Character and description of Kingia facts for kids
Character and description of Kingia, a new genus of plants found on the south-west coast of New Holland, with observations on the structure of its unimpregnated ovulum, and on the female flower of Cycadeae and Coniferae is an 1826 paper by botanist Robert Brown. Though nominally a formal description of the then-unpublished genus Kingia, it is more notable for its digressions into ovule anatomy and development, in which Brown sets out for the first time the modern understanding of the structure of angiosperm ovules, and publishes the first description of the fundamental difference between angiosperms and gymnosperms. Of the latter it has been said that "no more important discovery was ever made in the domain of comparative morphology and systematic Botany".

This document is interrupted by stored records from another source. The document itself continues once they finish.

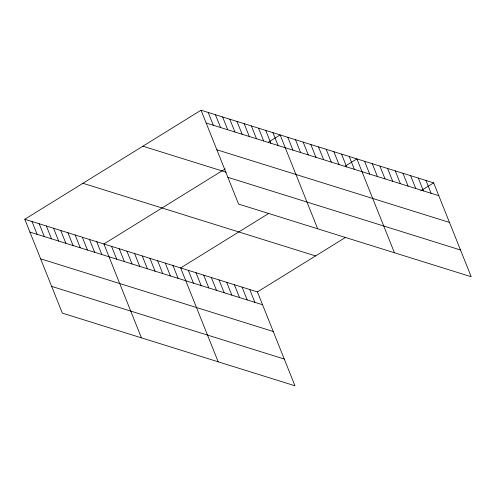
<?xml version="1.0" encoding="UTF-8"?>
<svg xmlns="http://www.w3.org/2000/svg" width="496" height="496" viewBox="0 0 496 496"><rect width="100%" height="100%" fill="white"/><g stroke="black" fill="none" stroke-linecap="round" stroke-linejoin="round"><path stroke-width="0.74" d="M24.8 219.263L257.418 291.915L294.965 385.789L62.347 313.131L24.8 219.263L201.035 110.211L433.653 182.869L471.2 276.737L238.582 204.085L201.035 110.211M225.203 168.9L103.887 243.964L141.434 337.838M268.497 142.11L280.128 134.918L317.676 228.786M268.77 213.416L180.656 267.939L218.197 361.813M345.259 166.086L356.891 158.894L394.438 252.762M257.418 291.915L345.538 237.392M420.732 190.861L433.653 182.869M206.162 123.027L438.78 195.684M216.864 149.78L449.481 222.431M142.879 146.202L226.157 172.211M227.887 177.339L460.499 249.99M82.956 183.278L315.574 255.93M29.927 232.078L262.545 304.73M40.622 258.825L273.24 331.483M51.646 286.384L284.264 359.042M425.977 180.47L431.105 193.285M418.302 178.07L423.429 190.886M410.626 175.677L415.753 188.492M402.95 173.278L408.078 186.093M395.275 170.878L400.396 183.694M387.599 168.479L392.72 181.3M379.917 166.086L385.045 178.901M372.242 163.686L377.369 176.502M364.566 161.287L369.694 174.102M349.215 156.494L354.342 169.31M341.539 154.095L346.667 166.91M333.864 151.695L338.991 164.517M326.188 149.302L331.309 162.118M318.506 146.903L323.634 159.718M310.831 144.503L315.958 157.325M303.155 142.11L308.283 154.926M295.48 139.711L300.607 152.526M287.804 137.311L292.931 150.127M272.936 132.668L278.064 145.489M265.751 130.423L270.872 143.239M258.559 128.179L263.686 140.994M251.367 125.934L256.494 138.75M244.181 123.69L249.302 136.505M236.989 121.439L242.116 134.255M229.797 119.195L234.924 132.01M222.605 116.951L227.732 129.766M215.419 114.706L220.546 127.522M208.227 112.462L213.354 125.277M249.742 289.521L254.87 302.337M242.067 287.122L247.188 299.937M234.385 284.723L239.512 297.538M226.709 282.329L231.837 295.145M219.034 279.93L224.161 292.745M211.358 277.531L216.485 290.346M203.682 275.131L208.81 287.953M196.007 272.738L201.134 285.553M188.331 270.339L193.459 283.154M172.974 265.546L178.101 278.361M165.298 263.147L170.426 275.962M157.623 260.747L162.75 273.563M149.947 258.348L155.074 271.169M142.271 255.955L147.399 268.77M134.596 253.555L139.723 266.371M126.92 251.156L132.048 263.977M119.245 248.763L124.366 261.578M111.569 246.363L116.69 259.179M96.701 241.719L101.829 254.535M89.509 239.475L94.637 252.29M82.317 237.231L87.445 250.046M75.132 234.98L80.259 247.802M67.94 232.736L73.067 245.551M60.748 230.491L65.875 243.307M53.562 228.247L58.683 241.062M46.37 226.002L51.497 238.818M39.178 223.752L44.305 236.573M31.992 221.507L37.113 234.323"/></g></svg>
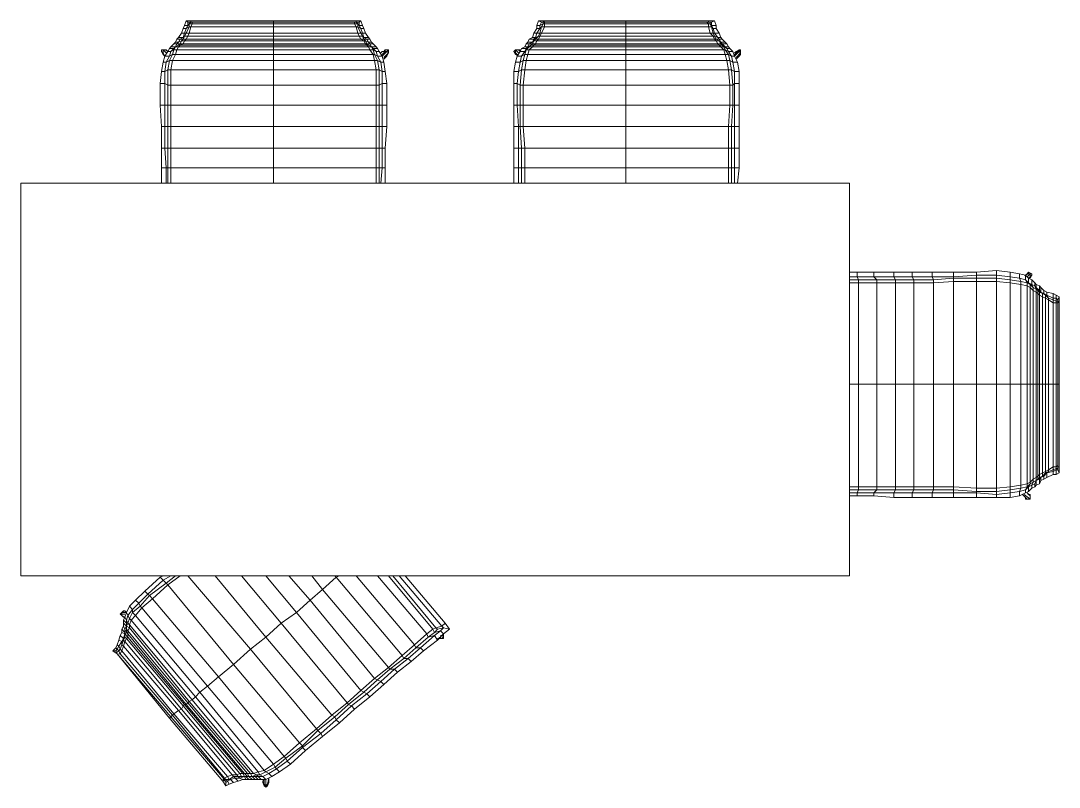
# Model space of a CAD drawing. Header units: inches. Extents: x 3375 to 5631, y -3878 to -2213.
import ezdxf

# ---------------------------------------------------------------- set-up
doc = ezdxf.new("R2010")
doc.units = ezdxf.units.IN
doc.header["$MEASUREMENT"] = 0

msp = doc.modelspace()

# ---------------------------------------------------------------- linework, layer by layer
at = {"color": 7, "lineweight": 0}
for points in [[(3724.1, -2239.8), (3727.5, -2229.7), (3734.1, -2229.7), (3730.8, -2239.8)], [(3727.5, -2229.7), (3730.8, -2223), (3737.4, -2223), (3734.1, -2229.7)], [(3730.8, -2223), (3734.1, -2213.1), (3737.4, -2216.4), (3737.4, -2223)], [(3734.1, -2213.1), (3744.2, -2213.1), (3744.2, -2216.4), (3737.4, -2216.4)], [(3734.1, -2229.7), (3740.8, -2226.4), (3734.1, -2239.8)], [(3737.4, -2223), (3740.8, -2219.7), (3740.8, -2226.4)], [(3740.8, -2219.7), (3744.2, -2216.4)], [(3740.8, -2219.7), (3747.5, -2219.7), (3744.2, -2226.4), (3740.8, -2226.4)], [(3740.8, -2239.8), (3744.2, -2226.4)], [(3744.2, -2213.1), (3923.8, -2213.1), (3923.8, -2216.4), (3744.2, -2216.4)], [(3923.8, -2239.8), (3923.8, -2226.4), (3744.2, -2226.4)], [(3923.8, -2216.4), (3923.8, -2219.7), (3747.5, -2219.7)], [(3747.5, -2219.7), (3747.5, -2216.4)], [(3923.8, -2213.1), (4103.5, -2213.1), (4103.5, -2216.4), (3923.8, -2216.4)], [(3923.8, -2219.7), (4100.1, -2219.7), (4103.5, -2226.4), (3923.8, -2226.4)], [(3923.8, -2226.4), (3923.8, -2219.7)], [(4103.5, -2216.4), (4106.8, -2219.7), (4100.1, -2219.7)], [(4100.1, -2219.7), (4100.1, -2216.4)], [(4103.5, -2213.1), (4113.4, -2213.1), (4110.1, -2216.4), (4103.5, -2216.4)], [(4103.5, -2226.4), (4106.8, -2226.4), (4106.8, -2219.7)], [(4106.8, -2239.8), (4103.5, -2226.4)], [(4110.1, -2216.4), (4110.1, -2223), (4106.8, -2219.7)], [(4110.1, -2223), (4113.4, -2229.7), (4106.8, -2226.4)], [(4113.4, -2239.8), (4106.8, -2226.4)], [(4113.4, -2213.1), (4116.8, -2223), (4110.1, -2223)], [(4116.8, -2223), (4120.1, -2229.7), (4113.4, -2229.7)], [(4113.4, -2229.7), (4116.8, -2239.8)], [(4123.4, -2239.8), (4120.1, -2229.7)], [(4489.4, -2239.8), (4496.1, -2229.7), (4502.7, -2229.7), (4496.1, -2239.8)], [(4496.1, -2223), (4499.4, -2213.1), (4506, -2216.4), (4502.7, -2223)], [(4496.1, -2229.7), (4496.1, -2223), (4502.7, -2223), (4502.7, -2229.7)], [(4499.4, -2213.1), (4512.7, -2213.1), (4509.4, -2216.4), (4506, -2216.4)], [(4502.7, -2223), (4509.4, -2219.7), (4506, -2226.4)], [(4502.7, -2229.7), (4506, -2226.4), (4502.7, -2239.8)], [(4509.4, -2219.7), (4512.7, -2219.7), (4512.7, -2226.4), (4506, -2226.4)], [(4506, -2239.8), (4512.7, -2226.4)], [(4512.7, -2213.1), (4689.1, -2213.1), (4689.1, -2216.4), (4509.4, -2216.4)], [(4509.4, -2219.7), (4509.4, -2216.4)], [(4689.1, -2216.4), (4689.1, -2219.7), (4512.7, -2219.7)], [(4512.7, -2219.7), (4512.7, -2216.4)], [(4689.1, -2239.8), (4689.1, -2226.4), (4512.7, -2226.4)], [(4689.1, -2213.1), (4868.7, -2213.1), (4868.7, -2216.4), (4689.1, -2216.4)], [(4689.1, -2219.7), (4868.7, -2219.7), (4868.7, -2226.4), (4689.1, -2226.4)], [(4689.1, -2226.4), (4689.1, -2219.7)], [(4868.7, -2219.7), (4865.4, -2216.4)], [(4868.7, -2213.1), (4882, -2213.1), (4875.4, -2216.4), (4868.7, -2216.4)], [(4872.1, -2216.4), (4872.1, -2219.7), (4868.7, -2219.7)], [(4868.7, -2226.4), (4875.4, -2226.4), (4872.1, -2219.7)], [(4872.1, -2239.8), (4868.7, -2226.4)], [(4875.4, -2216.4), (4875.4, -2223), (4872.1, -2219.7)], [(4882, -2213.1), (4885.4, -2223), (4875.4, -2223)], [(4875.4, -2223), (4878.7, -2229.7), (4875.4, -2226.4)], [(4878.7, -2239.8), (4875.4, -2226.4)], [(4885.4, -2223), (4885.4, -2229.7), (4878.7, -2229.7)], [(4878.7, -2229.7), (4882, -2239.8)], [(4892, -2239.8), (4885.4, -2229.7)], [(3710.9, -2259.7), (3714.2, -2253.1), (3720.8, -2253.1), (3717.5, -2259.7)], [(3714.2, -2253.1), (3717.5, -2249.7), (3727.5, -2249.7), (3720.8, -2253.1)], [(3717.5, -2249.7), (3724.1, -2239.8), (3730.8, -2239.8), (3727.5, -2249.7)], [(3720.8, -2253.1), (3727.5, -2253.1), (3724.1, -2256.4)], [(3734.1, -2253.1), (3730.8, -2256.4), (3724.1, -2256.4)], [(3737.4, -2246.4), (3734.1, -2253.1), (3727.5, -2253.1)], [(3727.5, -2249.7), (3730.8, -2246.4), (3727.5, -2253.1)], [(3734.1, -2239.8), (3740.8, -2239.8), (3737.4, -2246.4), (3730.8, -2246.4)], [(3730.8, -2239.8), (3734.1, -2239.8), (3730.8, -2246.4)], [(3923.8, -2256.4), (3923.8, -2253.1), (3734.1, -2253.1)], [(3923.8, -2253.1), (3923.8, -2246.4), (3737.4, -2246.4)], [(3923.8, -2246.4), (3923.8, -2239.8), (3740.8, -2239.8)], [(3923.8, -2239.8), (4106.8, -2239.8), (4110.1, -2246.4), (3923.8, -2246.4)], [(4110.1, -2246.4), (4113.4, -2253.1), (3923.8, -2253.1)], [(4113.4, -2253.1), (4120.1, -2256.4), (3923.8, -2256.4)], [(4113.4, -2239.8), (4106.8, -2239.8)], [(4113.4, -2239.8), (4116.8, -2246.4), (4110.1, -2246.4)], [(4116.8, -2239.8), (4113.4, -2239.8)], [(4116.8, -2246.4), (4120.1, -2253.1), (4113.4, -2253.1)], [(4123.4, -2239.8), (4116.8, -2239.8)], [(4116.8, -2239.8), (4120.1, -2249.7), (4116.8, -2246.4)], [(4123.4, -2239.8), (4130.1, -2249.7), (4120.1, -2249.7)], [(4120.1, -2249.7), (4126.7, -2253.1), (4120.1, -2253.1)], [(4120.1, -2253.1), (4123.4, -2256.4), (4120.1, -2256.4)], [(4126.7, -2253.1), (4130.1, -2259.7), (4123.4, -2256.4)], [(4130.1, -2249.7), (4133.4, -2253.1), (4126.7, -2253.1)], [(4133.4, -2253.1), (4136.7, -2259.7), (4130.1, -2259.7)], [(4476.1, -2259.7), (4479.5, -2253.1), (4489.4, -2253.1), (4486.1, -2259.7)], [(4479.5, -2253.1), (4486.1, -2249.7), (4492.8, -2249.7), (4489.4, -2253.1)], [(4486.1, -2249.7), (4489.4, -2239.8), (4496.1, -2239.8), (4492.8, -2249.7)], [(4499.4, -2253.1), (4496.1, -2256.4), (4489.4, -2256.4)], [(4489.4, -2253.1), (4492.8, -2253.1), (4489.4, -2256.4)], [(4502.7, -2246.4), (4499.4, -2253.1), (4492.8, -2253.1)], [(4492.8, -2249.7), (4499.4, -2246.4), (4492.8, -2253.1)], [(4496.1, -2239.8), (4502.7, -2239.8), (4499.4, -2246.4)], [(4502.7, -2239.8), (4506, -2239.8), (4502.7, -2246.4), (4499.4, -2246.4)], [(4689.1, -2256.4), (4689.1, -2253.1), (4499.4, -2253.1)], [(4689.1, -2253.1), (4689.1, -2246.4), (4502.7, -2246.4)], [(4689.1, -2246.4), (4689.1, -2239.8), (4506, -2239.8)], [(4689.1, -2239.8), (4872.1, -2239.8), (4878.7, -2246.4), (4689.1, -2246.4)], [(4878.7, -2246.4), (4882, -2253.1), (4689.1, -2253.1)], [(4882, -2253.1), (4885.4, -2256.4), (4689.1, -2256.4)], [(4878.7, -2239.8), (4872.1, -2239.8)], [(4878.7, -2239.8), (4882, -2246.4), (4878.7, -2246.4)], [(4882, -2239.8), (4878.7, -2239.8)], [(4892, -2239.8), (4882, -2239.8)], [(4882, -2239.8), (4888.7, -2249.7), (4882, -2246.4)], [(4882, -2246.4), (4885.4, -2253.1), (4882, -2253.1)], [(4888.7, -2249.7), (4892, -2253.1), (4885.4, -2253.1)], [(4885.4, -2253.1), (4892, -2256.4), (4885.4, -2256.4)], [(4892, -2239.8), (4895.3, -2249.7), (4888.7, -2249.7)], [(4895.3, -2249.7), (4898.7, -2253.1), (4892, -2253.1)], [(4892, -2253.1), (4895.3, -2259.7), (4892, -2256.4)], [(4898.7, -2253.1), (4905.3, -2259.7), (4895.3, -2259.7)], [(3680.9, -2276.3), (3684.3, -2276.3)], [(3684.3, -2283), (3680.9, -2279.7), (3680.9, -2276.3)], [(3687.6, -2276.3), (3680.9, -2276.3)], [(3687.6, -2276.3), (3684.3, -2276.3)], [(3684.3, -2283), (3684.3, -2276.3)], [(3690.9, -2283), (3684.3, -2276.3)], [(3687.6, -2276.3), (3690.9, -2276.3), (3694.2, -2279.7), (3687.6, -2276.3), (3687.6, -2276.3)], [(3687.6, -2276.3), (3694.2, -2279.7)], [(3694.2, -2279.7), (3697.6, -2273), (3707.5, -2273), (3700.9, -2279.7)], [(3697.6, -2273), (3700.9, -2269.7), (3710.9, -2269.7), (3707.5, -2273)], [(3700.9, -2269.7), (3707.5, -2263), (3714.2, -2263)], [(3700.9, -2279.7), (3707.5, -2276.3), (3704.2, -2286.4)], [(3707.5, -2263), (3710.9, -2259.7), (3717.5, -2259.7), (3714.2, -2263)], [(3707.5, -2273), (3710.9, -2269.7), (3707.5, -2276.3)], [(3707.5, -2276.3), (3714.2, -2276.3), (3710.9, -2286.4)], [(3710.9, -2269.7), (3714.2, -2263)], [(3717.5, -2266.4), (3710.9, -2269.7), (3717.5, -2266.4), (3717.5, -2266.4)], [(3710.9, -2269.7), (3717.5, -2269.7), (3714.2, -2276.3)], [(3720.8, -2263), (3714.2, -2263)], [(3714.2, -2276.3), (3923.8, -2276.3), (3923.8, -2286.4)], [(3717.5, -2259.7), (3724.1, -2256.4), (3720.8, -2263)], [(3717.5, -2266.4), (3720.8, -2263)], [(3717.5, -2266.4), (3720.8, -2266.4), (3717.5, -2269.7)], [(3717.5, -2269.7), (3923.8, -2269.7), (3923.8, -2276.3)], [(3720.8, -2263), (3727.5, -2263), (3720.8, -2266.4)], [(3720.8, -2266.4), (3923.8, -2266.4), (3923.8, -2269.7)], [(3727.5, -2263), (3730.8, -2256.4)], [(3923.8, -2266.4), (3923.8, -2263), (3727.5, -2263)], [(3923.8, -2263), (3923.8, -2256.4), (3730.8, -2256.4)], [(3923.8, -2263), (4123.4, -2263), (4126.7, -2266.4), (3923.8, -2266.4)], [(3923.8, -2269.7), (4130.1, -2269.7), (4133.4, -2276.3)], [(3923.8, -2276.3), (4133.4, -2276.3), (4140, -2286.4)], [(4123.4, -2263), (4120.1, -2256.4)], [(4126.7, -2263), (4123.4, -2256.4)], [(4130.1, -2266.4), (4126.7, -2263), (4123.4, -2263)], [(4130.1, -2259.7), (4133.4, -2263), (4126.7, -2263)], [(4126.7, -2266.4), (4130.1, -2266.4), (4136.7, -2269.7)], [(4130.1, -2269.7), (4126.7, -2266.4)], [(4133.4, -2263), (4136.7, -2269.7), (4130.1, -2266.4)], [(4140, -2276.3), (4136.7, -2269.7), (4130.1, -2269.7)], [(4136.7, -2259.7), (4140, -2263), (4133.4, -2263)], [(4143.4, -2286.4), (4140, -2276.3), (4133.4, -2276.3)], [(4140, -2263), (4146.7, -2269.7), (4136.7, -2269.7)], [(4140, -2273), (4136.7, -2269.7), (4140, -2273), (4140, -2273)], [(4146.7, -2269.7), (4150.1, -2273), (4140, -2273)], [(4140, -2273), (4146.7, -2279.7), (4140, -2276.3)], [(4150.1, -2273), (4153.4, -2279.7), (4146.7, -2279.7)], [(4163.4, -2279.7), (4166.7, -2276.3), (4166.7, -2279.7)], [(4166.7, -2276.3), (4173.4, -2276.3), (4170, -2279.7)], [(4170, -2286.4), (4173.4, -2283), (4173.4, -2276.3)], [(4449.4, -2283), (4446.1, -2279.7), (4449.4, -2276.3), (4449.4, -2283), (4449.4, -2283)], [(4449.4, -2276.3), (4449.5, -2276.3)], [(4452.9, -2276.3), (4456.2, -2276.3), (4449.4, -2276.3)], [(4456.2, -2283), (4449.4, -2276.3)], [(4452.9, -2276.3), (4449.4, -2276.3)], [(4452.9, -2276.3), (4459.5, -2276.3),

Brown had known of Kingia for many years, having collected specimens himself in 1800. However early specimens lacked good fruiting material, rendering it impossible to determine its systematics, so no attempt was made to formally publish it. Publication was not initiated until 1823, when Allan Cunningham approached Brown with a request that he consider naming a plant after the Kings, Philip Gidley King and Phillip Parker King. Cunningham provided a list of potential plants, which included Kingia. The following year William Baxter sent Brown specimens of ripe fruit, and Brown set to work describing it.
As he often did, Brown took the opportunity to include some obliquely related material that he had been working on for some time; indeed as early as 1809. Partly as a result of this, production of the paper lagged, and by 1825 there was some concern that the paper would be preempted by Cunningham's forthcoming A few general remarks on the vegetation of certain coasts of Terra Australis. However Brown's paper was eventually read to the Linnean Society in November 1825, and appeared in print the following year as a preprint. Official publication occurred in 1827, in the second volume of Phillip Parker King's Narrative of a survey of the intertropical and western coasts of Australia performed between the years 1818 and 1822.
The paper was essentially divided into three parts. A treatment of Kingia comes first; the genus is formally described and explicitly named after the Kings, and tentatively placed in Liliaceae. Then follows a detailed description of the ovule of Kingia, which acts as a bridge to the following parts.
In the second part, Brown sets down for the first time the modern view of the anatomy and development of the angiosperm ovule. He describes the standard arrangement in angiosperms—the nucellus joined by the chalaza to the integuments, which surround the nucellus except at the micropyle, through which the pollen tubes enter. David Mabberley describes this section as "a remarkably clear exposition of one of the most intricate and misunderstood areas of developmental anatomy in higher plants."
The third part is a discussion of the "female flower" of cycads and conifers. In it, Brown sets out for the first time the fundamental difference between angiosperms and gymnosperms; namely, that pollen grains are drawn into the ovule in gymnosperms, whereas in angiosperms, contact is via pollen tubes. This was a profoundly important discovery: in 1890, Julius von Sachs declared that "no more important discovery was ever made in the domain of comparative morphology and systematic Botany". That Brown was able to observe the gymnosperm ovule at all is remarkable given the difficulty of finding the same with a modern microscope.
Despite the importance of Brown's paper, it received very little attention at first; for example reviewers of King's book took little notice of it. The longer term impact, however, was immense. It would take some time before the homologies were fully worked out, but ultimately the work laid the foundation for a great deal of work; for example Wilhelm Hofmeister's groundbreaking work on alternation of generations.
Character and description of Kingia was first published in 1826 as a preprint. It appeared the following year as an appendix to Volume 2 of Phillip Parker King's Narrative of a survey of the intertropical and western coasts of Australia. It was subsequently republished in Volume 67 of the Philosophical Magazine, and in a number of separate reprints, including one in which it was paired with Cunningham's A few general remarks on the vegetation of certain coasts of Terra Australis. A French translation appeared in Annales des Sciences Naturelles in 1827, and German translations were published three times in 1827 and 1828, in Christian Gottfried Daniel Nees von Esenbeck's Robert Brown's Vermischte botanische Schriften, then in Linnaea, and finally in Isis. In 1866 it was reprinted in John Joseph Bennett's The miscellaneous botanical works of Robert Brown.